Screen Grabs: An unlikely hero stands up to massive redevelopment in ‘Dead Pigs’

Plus: Thrilling sequel 'A Quiet Place 2,' a lost Black intellectual classic from 1982, and a trans romance gem.

What turned into an as-yet-unended game of Release Date Shuffle for numerous major studio releases began with A Quiet Place Part II, which had the ill luck to premiere on March 8 of last year. It was meant for a wide release 12 days later, but by then the pandemic had closed US cinemas. As the shutdown dragged on, many films wound up going straight to streaming platforms. This one held out for theatrical distribution, hopefully rescheduling its release over and over again until…well, here we are, 14 months later. Though well over half of movie houses remain closed, QP2 is still likely to be the film more people will see by going out than anything since COVID hit. 

The original was a very satisfying piece of genre entertainment whose great strength was the exceptionally skillful direction. That came as a surprise, because while John Krasinski is a pleasant actor who’d previously directed a couple indie movies, nothing he’d done had suggested any particular affinity for suspense. Who knew that guy from The Office would have a knack for agonizingly tense life-or-death setpieces? 

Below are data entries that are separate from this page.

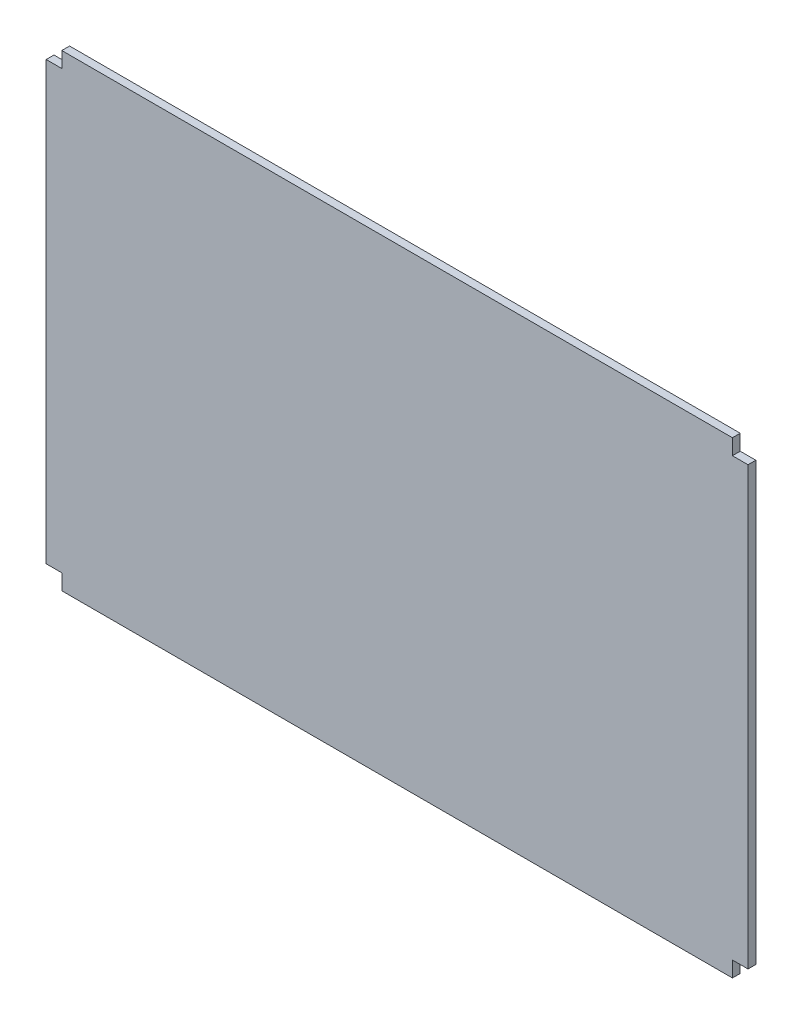
ISO-10303-21;
HEADER;
FILE_DESCRIPTION(('STEP AP214'),'2;1');
FILE_NAME('part.step','',(''),(''),'','','');
FILE_SCHEMA(('AUTOMOTIVE_DESIGN { 1 0 10303 214 1 1 1 1 }'));
ENDSEC;
DATA;
#1=APPLICATION_CONTEXT('core data for automotive mechanical design processes');
#2=APPLICATION_PROTOCOL_DEFINITION('international standard','automotive_design',2000,#1);
#3=PRODUCT_CONTEXT('',#1,'mechanical');
#4=PRODUCT('Part','Part','',(#3));
#5=PRODUCT_RELATED_PRODUCT_CATEGORY('part','',(#4));
#6=PRODUCT_DEFINITION_FORMATION('','',#4);
#7=PRODUCT_DEFINITION_CONTEXT('part definition',#1,'design');
#8=PRODUCT_DEFINITION('design','',#6,#7);
#9=PRODUCT_DEFINITION_SHAPE('','',#8);
#10=(LENGTH_UNIT() NAMED_UNIT(*) SI_UNIT(.MILLI.,.METRE.));
#11=(NAMED_UNIT(*) PLANE_ANGLE_UNIT() SI_UNIT($,.RADIAN.));
#12=(NAMED_UNIT(*) SI_UNIT($,.STERADIAN.) SOLID_ANGLE_UNIT());
#13=UNCERTAINTY_MEASURE_WITH_UNIT(LENGTH_MEASURE(1.E-05),#10,'distance_accuracy_value','');
#14=(GEOMETRIC_REPRESENTATION_CONTEXT(3) GLOBAL_UNCERTAINTY_ASSIGNED_CONTEXT((#13)) GLOBAL_UNIT_ASSIGNED_CONTEXT((#10,
#11,#12)) REPRESENTATION_CONTEXT('',''));
#15=CARTESIAN_POINT('',(0.,0.,0.));
#16=DIRECTION('',(0.,0.,1.));
#17=DIRECTION('',(1.,0.,0.));
#18=AXIS2_PLACEMENT_3D('',#15,#16,#17);
#19=CARTESIAN_POINT('',(0.,0.,10.));
#20=DIRECTION('',(1.,0.,0.));
#21=DIRECTION('',(0.,0.,-1.));
#22=AXIS2_PLACEMENT_3D('',#19,#20,#21);
#23=PLANE('',#22);
#24=DIRECTION('',(0.,-1.,0.));
#25=VECTOR('',#24,1.);
#26=CARTESIAN_POINT('',(0.,0.,0.));
#27=LINE('',#26,#25);
#28=CARTESIAN_POINT('',(0.,580.,0.));
#29=VERTEX_POINT('',#28);
#30=CARTESIAN_POINT('',(0.,19.9999999999999,0.));
#31=VERTEX_POINT('',#30);
#32=EDGE_CURVE('E158',#29,#31,#27,.T.);
#33=ORIENTED_EDGE('',*,*,#32,.T.);
#34=DIRECTION('',(0.,0.,1.));
#35=VECTOR('',#34,1.);
#36=CARTESIAN_POINT('',(0.,19.9999999999999,0.));
#37=LINE('',#36,#35);
#38=CARTESIAN_POINT('',(0.,19.9999999999999,10.));
#39=VERTEX_POINT('',#38);
#40=EDGE_CURVE('E186',#31,#39,#37,.T.);
#41=ORIENTED_EDGE('',*,*,#40,.T.);
#42=DIRECTION('',(0.,-1.,0.));
#43=VECTOR('',#42,1.);
#44=CARTESIAN_POINT('',(0.,0.,10.));
#45=LINE('',#44,#43);
#46=CARTESIAN_POINT('',(0.,580.,10.));
#47=VERTEX_POINT('',#46);
#48=EDGE_CURVE('E146',#47,#39,#45,.T.);
#49=ORIENTED_EDGE('',*,*,#48,.F.);
#50=DIRECTION('',(0.,0.,1.));
#51=VECTOR('',#50,1.);
#52=CARTESIAN_POINT('',(0.,580.,0.));
#53=LINE('',#52,#51);
#54=EDGE_CURVE('E168',#29,#47,#53,.T.);
#55=ORIENTED_EDGE('',*,*,#54,.F.);
#56=EDGE_LOOP('',(#33,#41,#49,#55));
#57=FACE_BOUND('',#56,.T.);
#58=ADVANCED_FACE('F33',(#57),#23,.F.);
#59=CARTESIAN_POINT('',(0.,0.,10.));
#60=DIRECTION('',(0.,1.,0.));
#61=DIRECTION('',(0.,0.,1.));
#62=AXIS2_PLACEMENT_3D('',#59,#60,#61);
#63=PLANE('',#62);
#64=DIRECTION('',(1.,0.,0.));
#65=VECTOR('',#64,1.);
#66=CARTESIAN_POINT('',(0.,0.,10.));
#67=LINE('',#66,#65);
#68=CARTESIAN_POINT('',(20.0000000000001,0.,10.));
#69=VERTEX_POINT('',#68);
#70=CARTESIAN_POINT('',(880.,0.,10.));
#71=VERTEX_POINT('',#70);
#72=EDGE_CURVE('E149',#69,#71,#67,.T.);
#73=ORIENTED_EDGE('',*,*,#72,.F.);
#74=DIRECTION('',(0.,0.,1.));
#75=VECTOR('',#74,1.);
#76=CARTESIAN_POINT('',(20.0000000000001,0.,0.));
#77=LINE('',#76,#75);
#78=CARTESIAN_POINT('',(20.0000000000001,0.,0.));
#79=VERTEX_POINT('',#78);
#80=EDGE_CURVE('E182',#79,#69,#77,.T.);
#81=ORIENTED_EDGE('',*,*,#80,.F.);
#82=DIRECTION('',(1.,0.,0.));
#83=VECTOR('',#82,1.);
#84=CARTESIAN_POINT('',(0.,0.,0.));
#85=LINE('',#84,#83);
#86=CARTESIAN_POINT('',(880.,0.,0.));
#87=VERTEX_POINT('',#86);
#88=EDGE_CURVE('E152',#79,#87,#85,.T.);
#89=ORIENTED_EDGE('',*,*,#88,.T.);
#90=DIRECTION('',(0.,0.,1.));
#91=VECTOR('',#90,1.);
#92=CARTESIAN_POINT('',(880.,0.,0.));
#93=LINE('',#92,#91);
#94=EDGE_CURVE('E203',#87,#71,#93,.T.);
#95=ORIENTED_EDGE('',*,*,#94,.T.);
#96=EDGE_LOOP('',(#73,#81,#89,#95));
#97=FACE_BOUND('',#96,.T.);
#98=ADVANCED_FACE('F234',(#97),#63,.F.);
#99=CARTESIAN_POINT('',(900.,0.,10.));
#100=DIRECTION('',(-1.,0.,0.));
#101=DIRECTION('',(0.,0.,1.));
#102=AXIS2_PLACEMENT_3D('',#99,#100,#101);
#103=PLANE('',#102);
#104=DIRECTION('',(0.,1.,0.));
#105=VECTOR('',#104,1.);
#106=CARTESIAN_POINT('',(900.,0.,10.));
#107=LINE('',#106,#105);
#108=CARTESIAN_POINT('',(900.,20.,10.));
#109=VERTEX_POINT('',#108);
#110=CARTESIAN_POINT('',(900.,580.,10.));
#111=VERTEX_POINT('',#110);
#112=EDGE_CURVE('E41',#109,#111,#107,.T.);
#113=ORIENTED_EDGE('',*,*,#112,.F.);
#114=DIRECTION('',(0.,0.,1.));
#115=VECTOR('',#114,1.);
#116=CARTESIAN_POINT('',(900.,20.,0.));
#117=LINE('',#116,#115);
#118=CARTESIAN_POINT('',(900.,20.,0.));
#119=VERTEX_POINT('',#118);
#120=EDGE_CURVE('E199',#119,#109,#117,.T.);
#121=ORIENTED_EDGE('',*,*,#120,.F.);
#122=DIRECTION('',(0.,1.,0.));
#123=VECTOR('',#122,1.);
#124=CARTESIAN_POINT('',(900.,0.,0.));
#125=LINE('',#124,#123);
#126=CARTESIAN_POINT('',(900.,580.,0.));
#127=VERTEX_POINT('',#126);
#128=EDGE_CURVE('E147',#119,#127,#125,.T.);
#129=ORIENTED_EDGE('',*,*,#128,.T.);
#130=DIRECTION('',(0.,0.,1.));
#131=VECTOR('',#130,1.);
#132=CARTESIAN_POINT('',(900.,580.,0.));
#133=LINE('',#132,#131);
#134=EDGE_CURVE('E179',#127,#111,#133,.T.);
#135=ORIENTED_EDGE('',*,*,#134,.T.);
#136=EDGE_LOOP('',(#113,#121,#129,#135));
#137=FACE_BOUND('',#136,.T.);
#138=ADVANCED_FACE('F223',(#137),#103,.F.);
#139=CARTESIAN_POINT('',(0.,600.,10.));
#140=DIRECTION('',(0.,-1.,0.));
#141=DIRECTION('',(0.,0.,-1.));
#142=AXIS2_PLACEMENT_3D('',#139,#140,#141);
#143=PLANE('',#142);
#144=DIRECTION('',(-1.,0.,0.));
#145=VECTOR('',#144,1.);
#146=CARTESIAN_POINT('',(0.,600.,10.));
#147=LINE('',#146,#145);
#148=CARTESIAN_POINT('',(880.,600.,10.));
#149=VERTEX_POINT('',#148);
#150=CARTESIAN_POINT('',(20.,600.,10.));
#151=VERTEX_POINT('',#150);
#152=EDGE_CURVE('E11',#149,#151,#147,.T.);
#153=ORIENTED_EDGE('',*,*,#152,.F.);
#154=DIRECTION('',(0.,0.,1.));
#155=VECTOR('',#154,1.);
#156=CARTESIAN_POINT('',(880.,600.,0.));
#157=LINE('',#156,#155);
#158=CARTESIAN_POINT('',(880.,600.,0.));
#159=VERTEX_POINT('',#158);
#160=EDGE_CURVE('E127',#159,#149,#157,.T.);
#161=ORIENTED_EDGE('',*,*,#160,.F.);
#162=DIRECTION('',(-1.,0.,0.));
#163=VECTOR('',#162,1.);
#164=CARTESIAN_POINT('',(0.,600.,0.));
#165=LINE('',#164,#163);
#166=CARTESIAN_POINT('',(20.,600.,0.));
#167=VERTEX_POINT('',#166);
#168=EDGE_CURVE('E36',#159,#167,#165,.T.);
#169=ORIENTED_EDGE('',*,*,#168,.T.);
#170=DIRECTION('',(0.,0.,1.));
#171=VECTOR('',#170,1.);
#172=CARTESIAN_POINT('',(20.,600.,0.));
#173=LINE('',#172,#171);
#174=EDGE_CURVE('E162',#167,#151,#173,.T.);
#175=ORIENTED_EDGE('',*,*,#174,.T.);
#176=EDGE_LOOP('',(#153,#161,#169,#175));
#177=FACE_BOUND('',#176,.T.);
#178=ADVANCED_FACE('F139',(#177),#143,.F.);
#179=CARTESIAN_POINT('',(0.,0.,10.));
#180=DIRECTION('',(0.,0.,-1.));
#181=DIRECTION('',(-1.,0.,0.));
#182=AXIS2_PLACEMENT_3D('',#179,#180,#181);
#183=PLANE('',#182);
#184=ORIENTED_EDGE('',*,*,#48,.T.);
#185=DIRECTION('',(-1.,0.,0.));
#186=VECTOR('',#185,1.);
#187=CARTESIAN_POINT('',(0.,19.9999999999999,10.));
#188=LINE('',#187,#186);
#189=CARTESIAN_POINT('',(20.0000000000001,19.9999999999999,10.));
#190=VERTEX_POINT('',#189);
#191=EDGE_CURVE('E190',#190,#39,#188,.T.);
#192=ORIENTED_EDGE('',*,*,#191,.F.);
#193=DIRECTION('',(0.,1.,0.));
#194=VECTOR('',#193,1.);
#195=CARTESIAN_POINT('',(20.0000000000001,0.,10.));
#196=LINE('',#195,#194);
#197=EDGE_CURVE('E193',#69,#190,#196,.T.);
#198=ORIENTED_EDGE('',*,*,#197,.F.);
#199=ORIENTED_EDGE('',*,*,#72,.T.);
#200=DIRECTION('',(0.,-1.,0.));
#201=VECTOR('',#200,1.);
#202=CARTESIAN_POINT('',(880.,0.,10.));
#203=LINE('',#202,#201);
#204=CARTESIAN_POINT('',(880.,20.,10.));
#205=VERTEX_POINT('',#204);
#206=EDGE_CURVE('E207',#205,#71,#203,.T.);
#207=ORIENTED_EDGE('',*,*,#206,.F.);
#208=DIRECTION('',(-1.,0.,0.));
#209=VECTOR('',#208,1.);
#210=CARTESIAN_POINT('',(900.,20.,10.));
#211=LINE('',#210,#209);
#212=EDGE_CURVE('E189',#109,#205,#211,.T.);
#213=ORIENTED_EDGE('',*,*,#212,.F.);
#214=ORIENTED_EDGE('',*,*,#112,.T.);
#215=DIRECTION('',(1.,0.,0.));
#216=VECTOR('',#215,1.);
#217=CARTESIAN_POINT('',(900.,580.,10.));
#218=LINE('',#217,#216);
#219=CARTESIAN_POINT('',(880.,580.,10.));
#220=VERTEX_POINT('',#219);
#221=EDGE_CURVE('E134',#220,#111,#218,.T.);
#222=ORIENTED_EDGE('',*,*,#221,.F.);
#223=DIRECTION('',(0.,-1.,0.));
#224=VECTOR('',#223,1.);
#225=CARTESIAN_POINT('',(880.,600.,10.));
#226=LINE('',#225,#224);
#227=EDGE_CURVE('E206',#149,#220,#226,.T.);
#228=ORIENTED_EDGE('',*,*,#227,.F.);
#229=ORIENTED_EDGE('',*,*,#152,.T.);
#230=DIRECTION('',(0.,1.,0.));
#231=VECTOR('',#230,1.);
#232=CARTESIAN_POINT('',(20.,600.,10.));
#233=LINE('',#232,#231);
#234=CARTESIAN_POINT('',(20.,580.,10.));
#235=VERTEX_POINT('',#234);
#236=EDGE_CURVE('E173',#235,#151,#233,.T.);
#237=ORIENTED_EDGE('',*,*,#236,.F.);
#238=DIRECTION('',(1.,0.,0.));
#239=VECTOR('',#238,1.);
#240=CARTESIAN_POINT('',(0.,580.,10.));
#241=LINE('',#240,#239);
#242=EDGE_CURVE('E176',#47,#235,#241,.T.);
#243=ORIENTED_EDGE('',*,*,#242,.F.);
#244=EDGE_LOOP('',(#184,#192,#198,#199,#207,#213,#214,#222,#228,#229,#237,#243));
#245=FACE_BOUND('',#244,.T.);
#246=ADVANCED_FACE('F226',(#245),#183,.F.);
#247=CARTESIAN_POINT('',(0.,0.,0.));
#248=DIRECTION('',(0.,0.,-1.));
#249=DIRECTION('',(-1.,0.,0.));
#250=AXIS2_PLACEMENT_3D('',#247,#248,#249);
#251=PLANE('',#250);
#252=DIRECTION('',(-1.,0.,0.));
#253=VECTOR('',#252,1.);
#254=CARTESIAN_POINT('',(0.,19.9999999999999,0.));
#255=LINE('',#254,#253);
#256=CARTESIAN_POINT('',(20.0000000000001,19.9999999999999,0.));
#257=VERTEX_POINT('',#256);
#258=EDGE_CURVE('E49',#257,#31,#255,.T.);
#259=ORIENTED_EDGE('',*,*,#258,.T.);
#260=ORIENTED_EDGE('',*,*,#32,.F.);
#261=DIRECTION('',(1.,0.,0.));
#262=VECTOR('',#261,1.);
#263=CARTESIAN_POINT('',(0.,580.,0.));
#264=LINE('',#263,#262);
#265=CARTESIAN_POINT('',(20.,580.,0.));
#266=VERTEX_POINT('',#265);
#267=EDGE_CURVE('E175',#29,#266,#264,.T.);
#268=ORIENTED_EDGE('',*,*,#267,.T.);
#269=DIRECTION('',(0.,1.,0.));
#270=VECTOR('',#269,1.);
#271=CARTESIAN_POINT('',(20.,600.,0.));
#272=LINE('',#271,#270);
#273=EDGE_CURVE('E145',#266,#167,#272,.T.);
#274=ORIENTED_EDGE('',*,*,#273,.T.);
#275=ORIENTED_EDGE('',*,*,#168,.F.);
#276=DIRECTION('',(0.,-1.,0.));
#277=VECTOR('',#276,1.);
#278=CARTESIAN_POINT('',(880.,600.,0.));
#279=LINE('',#278,#277);
#280=CARTESIAN_POINT('',(880.,580.,0.));
#281=VERTEX_POINT('',#280);
#282=EDGE_CURVE('E123',#159,#281,#279,.T.);
#283=ORIENTED_EDGE('',*,*,#282,.T.);
#284=DIRECTION('',(1.,0.,0.));
#285=VECTOR('',#284,1.);
#286=CARTESIAN_POINT('',(900.,580.,0.));
#287=LINE('',#286,#285);
#288=EDGE_CURVE('E133',#281,#127,#287,.T.);
#289=ORIENTED_EDGE('',*,*,#288,.T.);
#290=ORIENTED_EDGE('',*,*,#128,.F.);
#291=DIRECTION('',(-1.,0.,0.));
#292=VECTOR('',#291,1.);
#293=CARTESIAN_POINT('',(900.,20.,0.));
#294=LINE('',#293,#292);
#295=CARTESIAN_POINT('',(880.,20.,0.));
#296=VERTEX_POINT('',#295);
#297=EDGE_CURVE('E209',#119,#296,#294,.T.);
#298=ORIENTED_EDGE('',*,*,#297,.T.);
#299=DIRECTION('',(0.,-1.,0.));
#300=VECTOR('',#299,1.);
#301=CARTESIAN_POINT('',(880.,0.,0.));
#302=LINE('',#301,#300);
#303=EDGE_CURVE('E57',#296,#87,#302,.T.);
#304=ORIENTED_EDGE('',*,*,#303,.T.);
#305=ORIENTED_EDGE('',*,*,#88,.F.);
#306=DIRECTION('',(0.,1.,0.));
#307=VECTOR('',#306,1.);
#308=CARTESIAN_POINT('',(20.0000000000001,0.,0.));
#309=LINE('',#308,#307);
#310=EDGE_CURVE('E192',#79,#257,#309,.T.);
#311=ORIENTED_EDGE('',*,*,#310,.T.);
#312=EDGE_LOOP('',(#259,#260,#268,#274,#275,#283,#289,#290,#298,#304,#305,#311));
#313=FACE_BOUND('',#312,.T.);
#314=ADVANCED_FACE('F143',(#313),#251,.T.);
#315=CARTESIAN_POINT('',(20.,600.,0.));
#316=DIRECTION('',(1.,0.,0.));
#317=DIRECTION('',(0.,1.,0.));
#318=AXIS2_PLACEMENT_3D('',#315,#316,#317);
#319=PLANE('',#318);
#320=ORIENTED_EDGE('',*,*,#236,.T.);
#321=ORIENTED_EDGE('',*,*,#174,.F.);
#322=ORIENTED_EDGE('',*,*,#273,.F.);
#323=DIRECTION('',(0.,0.,1.));
#324=VECTOR('',#323,1.);
#325=CARTESIAN_POINT('',(20.,580.,0.));
#326=LINE('',#325,#324);
#327=EDGE_CURVE('E170',#266,#235,#326,.T.);
#328=ORIENTED_EDGE('',*,*,#327,.T.);
#329=EDGE_LOOP('',(#320,#321,#322,#328));
#330=FACE_BOUND('',#329,.T.);
#331=ADVANCED_FACE('F250',(#330),#319,.F.);
#332=CARTESIAN_POINT('',(0.,580.,0.));
#333=DIRECTION('',(0.,-1.,0.));
#334=DIRECTION('',(1.,0.,0.));
#335=AXIS2_PLACEMENT_3D('',#332,#333,#334);
#336=PLANE('',#335);
#337=ORIENTED_EDGE('',*,*,#242,.T.);
#338=ORIENTED_EDGE('',*,*,#327,.F.);
#339=ORIENTED_EDGE('',*,*,#267,.F.);
#340=ORIENTED_EDGE('',*,*,#54,.T.);
#341=EDGE_LOOP('',(#337,#338,#339,#340));
#342=FACE_BOUND('',#341,.T.);
#343=ADVANCED_FACE('F247',(#342),#336,.F.);
#344=CARTESIAN_POINT('',(900.,580.,0.));
#345=DIRECTION('',(0.,-1.,0.));
#346=DIRECTION('',(0.,0.,-1.));
#347=AXIS2_PLACEMENT_3D('',#344,#345,#346);
#348=PLANE('',#347);
#349=ORIENTED_EDGE('',*,*,#221,.T.);
#350=ORIENTED_EDGE('',*,*,#134,.F.);
#351=ORIENTED_EDGE('',*,*,#288,.F.);
#352=DIRECTION('',(0.,0.,1.));
#353=VECTOR('',#352,1.);
#354=CARTESIAN_POINT('',(880.,580.,0.));
#355=LINE('',#354,#353);
#356=EDGE_CURVE('E129',#281,#220,#355,.T.);
#357=ORIENTED_EDGE('',*,*,#356,.T.);
#358=EDGE_LOOP('',(#349,#350,#351,#357));
#359=FACE_BOUND('',#358,.T.);
#360=ADVANCED_FACE('F220',(#359),#348,.F.);
#361=CARTESIAN_POINT('',(880.,600.,0.));
#362=DIRECTION('',(-1.,0.,0.));
#363=DIRECTION('',(0.,0.,1.));
#364=AXIS2_PLACEMENT_3D('',#361,#362,#363);
#365=PLANE('',#364);
#366=ORIENTED_EDGE('',*,*,#227,.T.);
#367=ORIENTED_EDGE('',*,*,#356,.F.);
#368=ORIENTED_EDGE('',*,*,#282,.F.);
#369=ORIENTED_EDGE('',*,*,#160,.T.);
#370=EDGE_LOOP('',(#366,#367,#368,#369));
#371=FACE_BOUND('',#370,.T.);
#372=ADVANCED_FACE('F126',(#371),#365,.F.);
#373=CARTESIAN_POINT('',(880.,0.,0.));
#374=DIRECTION('',(-1.,0.,0.));
#375=DIRECTION('',(0.,0.,1.));
#376=AXIS2_PLACEMENT_3D('',#373,#374,#375);
#377=PLANE('',#376);
#378=ORIENTED_EDGE('',*,*,#206,.T.);
#379=ORIENTED_EDGE('',*,*,#94,.F.);
#380=ORIENTED_EDGE('',*,*,#303,.F.);
#381=DIRECTION('',(0.,0.,1.));
#382=VECTOR('',#381,1.);
#383=CARTESIAN_POINT('',(880.,20.,0.));
#384=LINE('',#383,#382);
#385=EDGE_CURVE('E201',#296,#205,#384,.T.);
#386=ORIENTED_EDGE('',*,*,#385,.T.);
#387=EDGE_LOOP('',(#378,#379,#380,#386));
#388=FACE_BOUND('',#387,.T.);
#389=ADVANCED_FACE('F307',(#388),#377,.F.);
#390=CARTESIAN_POINT('',(900.,20.,0.));
#391=DIRECTION('',(0.,1.,0.));
#392=DIRECTION('',(-1.,0.,0.));
#393=AXIS2_PLACEMENT_3D('',#390,#391,#392);
#394=PLANE('',#393);
#395=ORIENTED_EDGE('',*,*,#212,.T.);
#396=ORIENTED_EDGE('',*,*,#385,.F.);
#397=ORIENTED_EDGE('',*,*,#297,.F.);
#398=ORIENTED_EDGE('',*,*,#120,.T.);
#399=EDGE_LOOP('',(#395,#396,#397,#398));
#400=FACE_BOUND('',#399,.T.);
#401=ADVANCED_FACE('F229',(#400),#394,.F.);
#402=CARTESIAN_POINT('',(0.,19.9999999999999,0.));
#403=DIRECTION('',(0.,1.,0.));
#404=DIRECTION('',(0.,0.,1.));
#405=AXIS2_PLACEMENT_3D('',#402,#403,#404);
#406=PLANE('',#405);
#407=ORIENTED_EDGE('',*,*,#191,.T.);
#408=ORIENTED_EDGE('',*,*,#40,.F.);
#409=ORIENTED_EDGE('',*,*,#258,.F.);
#410=DIRECTION('',(0.,0.,1.));
#411=VECTOR('',#410,1.);
#412=CARTESIAN_POINT('',(20.0000000000001,19.9999999999999,0.));
#413=LINE('',#412,#411);
#414=EDGE_CURVE('E184',#257,#190,#413,.T.);
#415=ORIENTED_EDGE('',*,*,#414,.T.);
#416=EDGE_LOOP('',(#407,#408,#409,#415));
#417=FACE_BOUND('',#416,.T.);
#418=ADVANCED_FACE('F241',(#417),#406,.F.);
#419=CARTESIAN_POINT('',(20.0000000000001,0.,0.));
#420=DIRECTION('',(1.,0.,0.));
#421=DIRECTION('',(0.,0.,-1.));
#422=AXIS2_PLACEMENT_3D('',#419,#420,#421);
#423=PLANE('',#422);
#424=ORIENTED_EDGE('',*,*,#197,.T.);
#425=ORIENTED_EDGE('',*,*,#414,.F.);
#426=ORIENTED_EDGE('',*,*,#310,.F.);
#427=ORIENTED_EDGE('',*,*,#80,.T.);
#428=EDGE_LOOP('',(#424,#425,#426,#427));
#429=FACE_BOUND('',#428,.T.);
#430=ADVANCED_FACE('F237',(#429),#423,.F.);
#431=CLOSED_SHELL('',(#58,#98,#138,#178,#246,#314,#331,#343,#360,#372,#389,#401,#418,#430));
#432=MANIFOLD_SOLID_BREP('B2',#431);
#433=ADVANCED_BREP_SHAPE_REPRESENTATION('',(#18,#432),#14);
#434=SHAPE_DEFINITION_REPRESENTATION(#9,#433);
ENDSEC;
END-ISO-10303-21;

The simple but clever premise provided plenty of opportunity for those, with the director and offscreen spouse Emily Blunt playing a couple who with their three children (and another on the way) attempt to survive in a world invaded by huge, fast, murderous space creatures who are blind, but have acute hearing. When the film starts, the family has managed (unlike most of humanity, we glean) to stay alive for over a year… by being very, very quiet. A Quiet Place should have been silly, but its combination of restraint and close-mouthed terror worked like gangbusters, achieving something pretty dang scary without gore or even frequent creature sightings.

Natch, we see considerably more of those ugly critters—with their grasshopper-like bodies and cauliflower-dentata faces—in the sequel, which Krasinski wrote as well as directs this time. He’s also in the opening scene, despite his character very definitely not surviving the prior film. So this one starts with a flashback to “Day One,” in which many of the Abbott family’s fellow small-town citizens are at a nice summer day’s Little League game that gets interrupted by strange activity in the sky. Soon all hell has broken loose, even if amidst this bravura sequence it’s murky just how Krasinski’s dad figures out the whole “don’t make a sound” thing immediately.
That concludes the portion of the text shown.